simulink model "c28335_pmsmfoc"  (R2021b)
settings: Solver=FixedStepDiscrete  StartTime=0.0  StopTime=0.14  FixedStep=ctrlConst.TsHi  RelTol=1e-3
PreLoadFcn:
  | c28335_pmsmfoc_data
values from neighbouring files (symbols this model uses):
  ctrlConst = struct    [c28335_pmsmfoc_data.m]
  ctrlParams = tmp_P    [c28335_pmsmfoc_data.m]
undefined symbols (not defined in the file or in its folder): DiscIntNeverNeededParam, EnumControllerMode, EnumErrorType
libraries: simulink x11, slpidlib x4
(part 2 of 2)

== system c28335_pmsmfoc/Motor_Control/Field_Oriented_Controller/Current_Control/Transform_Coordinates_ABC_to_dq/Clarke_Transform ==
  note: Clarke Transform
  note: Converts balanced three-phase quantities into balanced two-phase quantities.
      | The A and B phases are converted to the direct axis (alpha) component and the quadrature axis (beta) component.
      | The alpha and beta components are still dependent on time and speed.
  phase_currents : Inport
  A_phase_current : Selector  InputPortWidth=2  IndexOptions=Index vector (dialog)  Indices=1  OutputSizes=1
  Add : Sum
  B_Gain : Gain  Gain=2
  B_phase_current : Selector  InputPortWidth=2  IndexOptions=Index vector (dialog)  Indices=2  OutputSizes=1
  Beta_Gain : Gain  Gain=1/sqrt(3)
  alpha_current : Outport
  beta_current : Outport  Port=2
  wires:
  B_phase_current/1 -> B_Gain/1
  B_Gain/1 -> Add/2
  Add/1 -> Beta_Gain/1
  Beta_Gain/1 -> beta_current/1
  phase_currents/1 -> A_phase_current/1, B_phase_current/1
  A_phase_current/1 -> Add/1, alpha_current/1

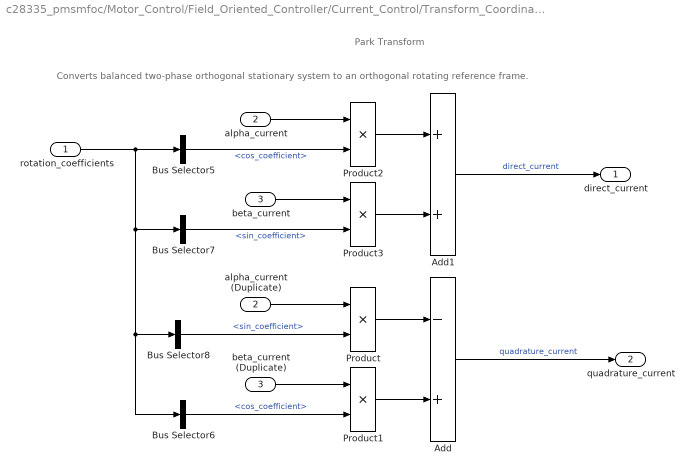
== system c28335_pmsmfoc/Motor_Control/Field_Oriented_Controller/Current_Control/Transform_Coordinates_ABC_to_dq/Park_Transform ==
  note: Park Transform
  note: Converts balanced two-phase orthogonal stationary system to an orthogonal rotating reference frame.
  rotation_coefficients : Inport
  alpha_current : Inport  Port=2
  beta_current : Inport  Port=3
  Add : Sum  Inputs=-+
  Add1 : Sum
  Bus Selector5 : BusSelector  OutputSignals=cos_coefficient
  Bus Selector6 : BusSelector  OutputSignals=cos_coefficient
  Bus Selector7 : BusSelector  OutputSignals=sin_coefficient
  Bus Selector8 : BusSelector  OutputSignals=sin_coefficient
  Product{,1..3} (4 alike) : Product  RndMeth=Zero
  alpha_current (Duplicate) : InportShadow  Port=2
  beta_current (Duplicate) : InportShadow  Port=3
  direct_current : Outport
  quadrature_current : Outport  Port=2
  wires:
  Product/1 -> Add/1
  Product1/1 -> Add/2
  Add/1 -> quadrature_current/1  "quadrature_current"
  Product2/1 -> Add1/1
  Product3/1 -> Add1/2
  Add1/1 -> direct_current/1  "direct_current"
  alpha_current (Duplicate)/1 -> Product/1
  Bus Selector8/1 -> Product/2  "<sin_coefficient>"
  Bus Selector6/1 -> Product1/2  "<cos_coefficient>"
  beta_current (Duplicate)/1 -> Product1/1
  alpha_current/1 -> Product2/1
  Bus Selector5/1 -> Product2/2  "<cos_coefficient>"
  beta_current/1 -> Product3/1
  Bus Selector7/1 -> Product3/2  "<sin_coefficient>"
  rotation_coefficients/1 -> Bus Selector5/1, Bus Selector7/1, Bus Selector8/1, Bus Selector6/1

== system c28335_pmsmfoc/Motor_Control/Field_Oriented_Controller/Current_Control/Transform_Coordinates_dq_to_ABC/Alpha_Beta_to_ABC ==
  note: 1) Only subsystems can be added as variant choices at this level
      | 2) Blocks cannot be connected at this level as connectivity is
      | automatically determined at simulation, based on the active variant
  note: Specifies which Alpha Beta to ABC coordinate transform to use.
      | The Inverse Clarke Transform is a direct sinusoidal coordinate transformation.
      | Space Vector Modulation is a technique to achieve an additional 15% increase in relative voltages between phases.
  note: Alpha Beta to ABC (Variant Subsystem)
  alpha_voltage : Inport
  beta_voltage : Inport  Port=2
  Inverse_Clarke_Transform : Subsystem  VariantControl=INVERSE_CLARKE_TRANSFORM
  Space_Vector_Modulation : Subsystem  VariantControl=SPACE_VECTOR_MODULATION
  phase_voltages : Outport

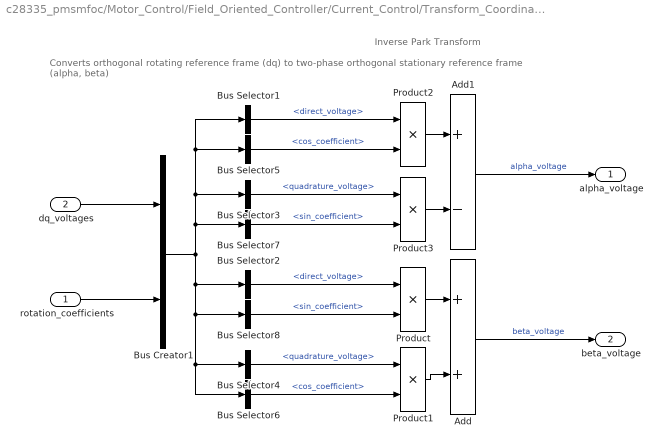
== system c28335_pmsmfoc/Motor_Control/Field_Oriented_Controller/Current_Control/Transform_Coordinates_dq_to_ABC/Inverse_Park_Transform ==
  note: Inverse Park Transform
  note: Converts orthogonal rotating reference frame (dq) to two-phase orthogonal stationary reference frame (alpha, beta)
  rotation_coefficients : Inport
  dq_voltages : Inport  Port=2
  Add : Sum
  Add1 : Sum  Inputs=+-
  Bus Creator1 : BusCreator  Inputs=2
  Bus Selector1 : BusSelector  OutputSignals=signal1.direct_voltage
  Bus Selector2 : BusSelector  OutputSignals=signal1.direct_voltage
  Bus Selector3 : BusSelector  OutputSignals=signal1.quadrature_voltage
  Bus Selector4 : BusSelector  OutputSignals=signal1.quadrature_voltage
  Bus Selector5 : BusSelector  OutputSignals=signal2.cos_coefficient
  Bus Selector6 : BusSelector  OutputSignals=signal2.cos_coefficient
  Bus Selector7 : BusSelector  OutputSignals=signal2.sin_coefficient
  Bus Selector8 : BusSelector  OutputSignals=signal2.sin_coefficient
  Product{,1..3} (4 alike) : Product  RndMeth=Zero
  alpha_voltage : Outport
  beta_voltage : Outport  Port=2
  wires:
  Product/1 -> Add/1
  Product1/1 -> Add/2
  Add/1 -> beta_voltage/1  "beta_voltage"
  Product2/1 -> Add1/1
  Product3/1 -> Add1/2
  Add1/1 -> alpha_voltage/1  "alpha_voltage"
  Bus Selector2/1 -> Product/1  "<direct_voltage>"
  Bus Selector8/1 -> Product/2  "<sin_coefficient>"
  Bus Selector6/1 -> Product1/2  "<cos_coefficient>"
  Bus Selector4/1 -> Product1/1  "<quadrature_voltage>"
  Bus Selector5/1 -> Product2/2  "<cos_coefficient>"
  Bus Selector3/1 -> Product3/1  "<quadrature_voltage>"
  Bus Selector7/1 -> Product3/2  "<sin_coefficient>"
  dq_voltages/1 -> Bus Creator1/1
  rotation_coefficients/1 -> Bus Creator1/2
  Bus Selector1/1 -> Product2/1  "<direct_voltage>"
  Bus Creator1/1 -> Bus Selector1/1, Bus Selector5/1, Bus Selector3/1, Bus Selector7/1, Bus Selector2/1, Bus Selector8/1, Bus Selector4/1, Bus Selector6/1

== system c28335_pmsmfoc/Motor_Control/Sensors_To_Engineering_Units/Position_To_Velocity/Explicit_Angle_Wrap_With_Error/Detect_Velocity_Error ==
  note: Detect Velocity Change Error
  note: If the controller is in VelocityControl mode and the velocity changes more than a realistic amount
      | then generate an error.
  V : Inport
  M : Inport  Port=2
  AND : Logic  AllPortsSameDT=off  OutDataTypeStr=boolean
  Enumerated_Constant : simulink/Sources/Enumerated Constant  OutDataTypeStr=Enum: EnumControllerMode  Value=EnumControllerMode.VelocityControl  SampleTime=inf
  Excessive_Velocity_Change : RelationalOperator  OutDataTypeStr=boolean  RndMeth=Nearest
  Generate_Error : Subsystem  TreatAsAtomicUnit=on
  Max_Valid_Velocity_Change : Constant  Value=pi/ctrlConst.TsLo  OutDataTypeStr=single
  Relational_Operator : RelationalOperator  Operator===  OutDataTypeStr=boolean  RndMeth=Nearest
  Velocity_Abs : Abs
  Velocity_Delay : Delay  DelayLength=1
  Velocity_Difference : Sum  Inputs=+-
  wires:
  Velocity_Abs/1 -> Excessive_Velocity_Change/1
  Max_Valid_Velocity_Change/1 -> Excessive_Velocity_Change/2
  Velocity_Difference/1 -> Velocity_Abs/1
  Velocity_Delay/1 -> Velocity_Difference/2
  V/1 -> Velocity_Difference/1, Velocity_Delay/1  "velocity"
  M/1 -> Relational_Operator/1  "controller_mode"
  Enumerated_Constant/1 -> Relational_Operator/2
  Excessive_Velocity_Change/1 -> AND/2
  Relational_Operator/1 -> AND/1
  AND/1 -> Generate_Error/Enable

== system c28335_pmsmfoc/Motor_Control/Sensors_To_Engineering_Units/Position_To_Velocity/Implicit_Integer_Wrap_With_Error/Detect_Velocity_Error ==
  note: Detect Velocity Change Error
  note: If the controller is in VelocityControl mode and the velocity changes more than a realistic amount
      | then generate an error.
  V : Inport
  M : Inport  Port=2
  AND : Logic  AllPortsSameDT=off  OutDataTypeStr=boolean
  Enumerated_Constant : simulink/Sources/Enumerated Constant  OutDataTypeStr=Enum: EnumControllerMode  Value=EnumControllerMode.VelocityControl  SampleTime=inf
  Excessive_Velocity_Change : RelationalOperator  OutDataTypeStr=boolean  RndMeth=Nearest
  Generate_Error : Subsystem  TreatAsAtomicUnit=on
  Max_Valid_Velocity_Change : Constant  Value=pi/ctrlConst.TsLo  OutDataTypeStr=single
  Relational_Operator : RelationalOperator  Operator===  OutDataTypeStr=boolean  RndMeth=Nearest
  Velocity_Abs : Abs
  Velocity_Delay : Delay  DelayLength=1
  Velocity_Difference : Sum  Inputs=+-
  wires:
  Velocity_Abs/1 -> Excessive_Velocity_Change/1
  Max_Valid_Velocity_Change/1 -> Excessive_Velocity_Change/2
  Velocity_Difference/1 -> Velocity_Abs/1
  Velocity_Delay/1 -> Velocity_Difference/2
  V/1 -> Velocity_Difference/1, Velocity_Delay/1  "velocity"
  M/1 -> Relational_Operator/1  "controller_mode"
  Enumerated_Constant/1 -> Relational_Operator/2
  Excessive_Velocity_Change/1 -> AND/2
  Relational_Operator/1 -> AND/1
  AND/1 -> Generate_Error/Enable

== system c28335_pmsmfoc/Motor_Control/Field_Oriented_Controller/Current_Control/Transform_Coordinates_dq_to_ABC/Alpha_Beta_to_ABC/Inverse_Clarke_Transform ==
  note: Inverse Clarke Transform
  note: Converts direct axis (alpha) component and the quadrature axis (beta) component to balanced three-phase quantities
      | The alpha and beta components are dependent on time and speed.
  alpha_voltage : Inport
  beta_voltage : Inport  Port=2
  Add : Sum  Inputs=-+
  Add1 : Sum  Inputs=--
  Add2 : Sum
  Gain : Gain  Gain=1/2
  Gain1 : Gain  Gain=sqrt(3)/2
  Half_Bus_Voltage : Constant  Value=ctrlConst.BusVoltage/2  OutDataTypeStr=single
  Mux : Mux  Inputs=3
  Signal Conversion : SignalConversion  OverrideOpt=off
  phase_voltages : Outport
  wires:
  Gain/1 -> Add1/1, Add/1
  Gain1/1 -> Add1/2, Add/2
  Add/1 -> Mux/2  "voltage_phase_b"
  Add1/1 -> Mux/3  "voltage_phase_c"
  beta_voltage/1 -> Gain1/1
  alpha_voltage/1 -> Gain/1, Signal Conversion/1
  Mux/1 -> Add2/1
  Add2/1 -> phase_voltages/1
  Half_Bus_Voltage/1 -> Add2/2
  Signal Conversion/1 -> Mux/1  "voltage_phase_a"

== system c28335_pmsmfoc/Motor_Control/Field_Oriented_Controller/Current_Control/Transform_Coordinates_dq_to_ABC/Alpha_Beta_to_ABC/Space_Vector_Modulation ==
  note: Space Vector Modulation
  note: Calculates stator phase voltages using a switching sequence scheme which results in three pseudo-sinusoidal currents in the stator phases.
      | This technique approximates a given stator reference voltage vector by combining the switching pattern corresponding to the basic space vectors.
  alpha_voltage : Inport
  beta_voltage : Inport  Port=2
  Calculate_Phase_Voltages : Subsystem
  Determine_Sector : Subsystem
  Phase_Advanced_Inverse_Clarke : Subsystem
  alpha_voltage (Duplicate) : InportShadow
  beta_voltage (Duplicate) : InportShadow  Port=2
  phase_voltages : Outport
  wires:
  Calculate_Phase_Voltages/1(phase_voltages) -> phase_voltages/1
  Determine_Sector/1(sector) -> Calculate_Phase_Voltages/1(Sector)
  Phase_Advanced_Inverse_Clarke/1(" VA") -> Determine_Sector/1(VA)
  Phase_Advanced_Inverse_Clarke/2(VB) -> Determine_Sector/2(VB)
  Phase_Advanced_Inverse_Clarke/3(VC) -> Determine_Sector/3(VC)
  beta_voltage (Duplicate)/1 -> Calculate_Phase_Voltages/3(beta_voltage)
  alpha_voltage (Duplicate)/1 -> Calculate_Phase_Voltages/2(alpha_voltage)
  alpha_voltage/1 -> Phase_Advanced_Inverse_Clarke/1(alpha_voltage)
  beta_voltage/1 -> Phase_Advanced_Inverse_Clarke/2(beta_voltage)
━━━━━━
What you need to do -
Go to the line with "Calculate_Phase_Voltages/1(phase_voltages) -> phase_voltages/1" in the entries above and repeat every line from there through the line with "beta_voltage (Duplicate)/1 ->", exactly and with no other text.

Result of this task -
  Calculate_Phase_Voltages/1(phase_voltages) -> phase_voltages/1
  Determine_Sector/1(sector) -> Calculate_Phase_Voltages/1(Sector)
  Phase_Advanced_Inverse_Clarke/1(" VA") -> Determine_Sector/1(VA)
  Phase_Advanced_Inverse_Clarke/2(VB) -> Determine_Sector/2(VB)
  Phase_Advanced_Inverse_Clarke/3(VC) -> Determine_Sector/3(VC)
  beta_voltage (Duplicate)/1 -> Calculate_Phase_Voltages/3(beta_voltage)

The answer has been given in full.